CO₂-Emissionen GLC F-CELL im Vergleich

Der GLC F-CELL: Brennstoffzelle als Plug-in-Hybrid

Der Mercedes-Benz GLC F-CELL verfügt weltweit einmalig sowohl über Brennstoffzellen- als auch über Batterieantrieb, der via Plug-in-Technologie extern aufgeladen wird.
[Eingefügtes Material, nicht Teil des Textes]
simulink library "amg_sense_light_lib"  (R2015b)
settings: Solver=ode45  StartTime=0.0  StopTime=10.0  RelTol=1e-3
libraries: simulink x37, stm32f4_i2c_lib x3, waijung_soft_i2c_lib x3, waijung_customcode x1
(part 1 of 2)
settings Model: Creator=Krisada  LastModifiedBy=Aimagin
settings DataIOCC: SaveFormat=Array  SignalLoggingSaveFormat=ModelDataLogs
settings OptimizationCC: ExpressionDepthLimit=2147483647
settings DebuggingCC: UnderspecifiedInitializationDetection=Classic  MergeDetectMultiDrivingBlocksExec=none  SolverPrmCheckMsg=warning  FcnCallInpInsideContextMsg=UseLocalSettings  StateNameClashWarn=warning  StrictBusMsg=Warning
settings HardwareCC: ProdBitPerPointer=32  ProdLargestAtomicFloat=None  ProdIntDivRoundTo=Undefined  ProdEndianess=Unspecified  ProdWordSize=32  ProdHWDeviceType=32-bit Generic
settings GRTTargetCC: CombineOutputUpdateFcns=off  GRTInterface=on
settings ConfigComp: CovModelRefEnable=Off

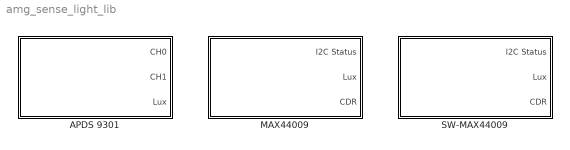
== system amg_sense_light_lib ==
  APDS 9301 : Subsystem  mask(stm32f4_i2c_sensors){module=1, slvaddr=hex2dec('72'), outputlabel={'CH0','CH1','Lux'}, sensorname=STM32F4\naMG Sense - Light, sampletime=0.5}
      mask prompts: module "I2C Module"; slvaddr "I2C Slave Address"; outputlabel "Output label"; sensorname "Sensor name"; sampletime "Sample time (sec)"
      mask help:
      | aMG Sense - Light
      |
      | Note: Require I2C Setup block for the selected I2C module.
      mask init:
      | stm32f4_i2c_sensors_callback('init');
      mask TypeOptions module: 1 | 2 | 3
      mask Callback module: stm32f4_i2c_sensors_callback('module');
      mask Display: text(0.5, 0.5, 'STM32F4\naMG Sense - Light','ver','middle','hor','center');port_label('output', 1,'CH0');port_label('output', 2,'CH1');port_label('output', 3,'Lux');
  MAX44009 : Subsystem  mask(stm32f4_i2c_sensors){module=1, slvaddr=hex2dec('94'), outputlabel={'I2C Status','Lux','CDR'}, sensorname=STM32F4\naMG Sense - Light\nMAX44009, sampletime=1}
      mask prompts: module "I2C Module"; slvaddr "I2C Slave Address"; outputlabel "Output label"; sensorname "Sensor name"; sampletime "Sample time (sec)"
      mask help:
      | aMG Sense - Light
      |
      | I2C Status:
      |  0 - Success
      |  1 - NAK
      |  2 - Timeout
      |  3 - Combined error, NAK+Timeout
      |
      | Note: Require I2C Setup block for the selected I2C module.
      mask init:
      | stm32f4_i2c_sensors_callback('init');
      mask TypeOptions module: 1 | 2 | 3
      mask Callback module: stm32f4_i2c_sensors_callback('module');
      mask Display: text(0.5, 0.5, 'STM32F4\naMG Sense - Light\nMAX44009','ver','middle','hor','center');port_label('output', 1,'I2C Status');port_label('output', 2,'Lux');port_label('output', 3,'CDR');
  SW-MAX44009 : Subsystem  mask(waijung_soft_i2c_sensors){module=1, slvaddr=hex2dec('94'), outputlabel={'I2C Status','Lux','CDR'}, sensorname=Soft-I2C\naMG Sense - Light\nMAX44009, sampletime=1}
      mask prompts: module "I2C Module"; slvaddr "I2C Slave Address"; outputlabel "Output label"; sensorname "Sensor name"; sampletime "Sample time (sec)"
      mask help:
      | aMG Sense - Light
      |
      | I2C Status:
      |  0 - Success
      |  1 - NAK
      |  2 - Timeout
      |  3 - Combined error, NAK+Timeout
      |
      | Note: Require I2C Setup block for the selected I2C module.
      mask init:
      | waijung_soft_i2c_sensors_callback('init');
      mask TypeOptions module: 1 | 2 | 3
      mask Callback module: waijung_soft_i2c_sensors_callback('module');
      mask Display: text(0.5, 0.5, 'Soft-I2C\naMG Sense - Light\nMAX44009','ver','middle','hor','center');port_label('output', 1,'I2C Status');port_label('output', 2,'Lux');port_label('output', 3,'CDR');

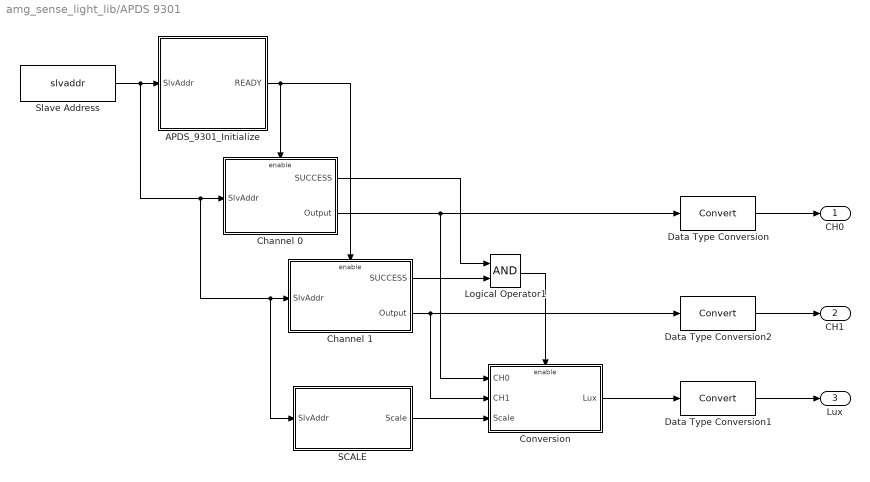
== system amg_sense_light_lib/APDS 9301 ==
  APDS_9301_Initialize : Subsystem
  Channel 0 : Subsystem
  Channel 1 : Subsystem
  Conversion : Subsystem
  Data Type Conversion : DataTypeConversion
  Data Type Conversion1 : DataTypeConversion
  Data Type Conversion2 : DataTypeConversion
  Logical Operator1 : Logic  AllPortsSameDT=off  OutDataTypeStr=boolean
  SCALE : Subsystem
  Slave Address : Constant  Value=slvaddr  OutDataTypeStr=uint8  SampleTime=sampletime
  CH0 : Outport
  CH1 : Outport  Port=2
  Lux : Outport  Port=3
  wires:
  Data Type Conversion/1 -> CH0/1
  Data Type Conversion2/1 -> CH1/1
  Data Type Conversion1/1 -> Lux/1
  Slave Address/1 -> APDS_9301_Initialize/1(SlvAddr), Channel 0/1(SlvAddr), Channel 1/1(SlvAddr), SCALE/1(SlvAddr)
  APDS_9301_Initialize/1(READY) -> Channel 0/Enable, Channel 1/Enable
  Channel 0/2(Output) -> Conversion/1(CH0), Data Type Conversion/1
  Channel 1/1(SUCCESS) -> Logical Operator1/2
  Channel 0/1(SUCCESS) -> Logical Operator1/1
  Conversion/1(Lux) -> Data Type Conversion1/1
  Channel 1/2(Output) -> Conversion/2(CH1), Data Type Conversion2/1
  Logical Operator1/1 -> Conversion/Enable
  SCALE/1(Scale) -> Conversion/3(Scale)

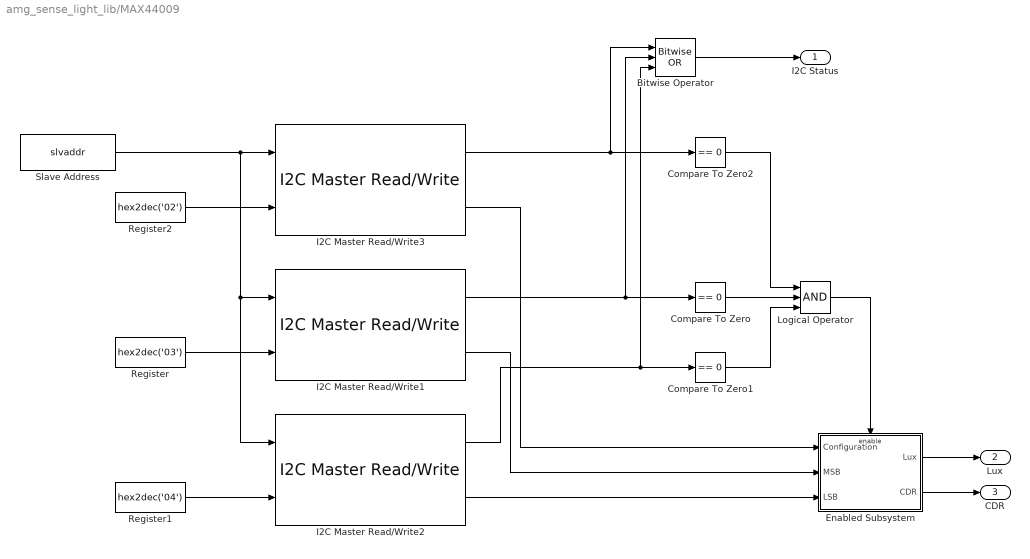
== system amg_sense_light_lib/MAX44009 ==
  Bitwise Operator : simulink/Logic and Bit Operations/Bitwise Operator  logicop=OR  UseBitMask=off  NumInputPorts=3  BitMask=bin2dec('11011001')  BitMaskRealWorld=Stored Integer
  Compare To Zero : simulink/Logic and Bit Operations/Compare To Zero  SystemSampleTime=-1  relop===  LogicOutDataTypeMode=uint8  ZeroCross=off
  Compare To Zero1 : simulink/Logic and Bit Operations/Compare To Zero  SystemSampleTime=-1  relop===  LogicOutDataTypeMode=uint8  ZeroCross=off
  Compare To Zero2 : simulink/Logic and Bit Operations/Compare To Zero  SystemSampleTime=-1  relop===  LogicOutDataTypeMode=uint8  ZeroCross=off
  Enabled Subsystem : Subsystem  TreatAsAtomicUnit=on
  I2C Master Read/Write1 : stm32f4_i2c_lib/I2C Master Read//Write  configuration=Transaction  module=1  lastmodule=3  transfer=Blocking  dutycycle=TLow/THigh = 2  clkspeed=400  timeout=25  writecount=1  readcount=1  sdapin=C9  sclpin=A8  waitwritetime=0  forcestop=off  inputtypearray=[2 3 3]  outputtypearray=[2 3 3]  confstr="[\"C\",\"9\",\"A\",\"8\",\"1\",\"1\",\"6\",\"0\",\"I2C_DutyCycle_2\",\"0\",\"off\"]"  sampletime=-1  sampletimestr=1  blockid=MAX44009I2CMasterReadWrite1
  I2C Master Read/Write2 : stm32f4_i2c_lib/I2C Master Read//Write  configuration=Transaction  module=1  lastmodule=3  transfer=Blocking  dutycycle=TLow/THigh = 2  clkspeed=400  timeout=25  writecount=1  readcount=1  sdapin=C9  sclpin=A8  waitwritetime=0  forcestop=off  inputtypearray=[2 3 3]  outputtypearray=[2 3 3]  confstr="[\"C\",\"9\",\"A\",\"8\",\"1\",\"1\",\"6\",\"0\",\"I2C_DutyCycle_2\",\"0\",\"off\"]"  sampletime=-1  sampletimestr=1  blockid=MAX44009I2CMasterReadWrite2
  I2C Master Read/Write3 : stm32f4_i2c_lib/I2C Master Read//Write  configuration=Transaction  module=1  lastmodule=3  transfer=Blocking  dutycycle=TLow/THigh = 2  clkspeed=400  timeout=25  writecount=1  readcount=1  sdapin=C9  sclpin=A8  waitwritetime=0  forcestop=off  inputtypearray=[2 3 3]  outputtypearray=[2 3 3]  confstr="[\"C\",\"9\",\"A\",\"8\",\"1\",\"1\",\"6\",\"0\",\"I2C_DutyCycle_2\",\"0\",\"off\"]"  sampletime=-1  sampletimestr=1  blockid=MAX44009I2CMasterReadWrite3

Er „tankt“ außer Strom auch reinen Wasserstoff.

Dies hat eine Reihe von Vorteilen:

  • An einer Wasserstofftankstelle steht innerhalb von drei Minuten wieder die volle Reichweite von über 400 km zur Verfügung.
  • Die Batterie bietet weitere rund 50 km Reichweitenreserve.
  • Bergab und beim Bremsen kann die Bewegungsenergie in der Batterie gespeichert werden (Rekuperation).
  • Für kräftige Beschleunigung stellt die Batterie zusätzlichen Schub zur Verfügung.
  • Beim Laden der Batterie an der Steckdose kann rein regenerativer Strom verwendet werden.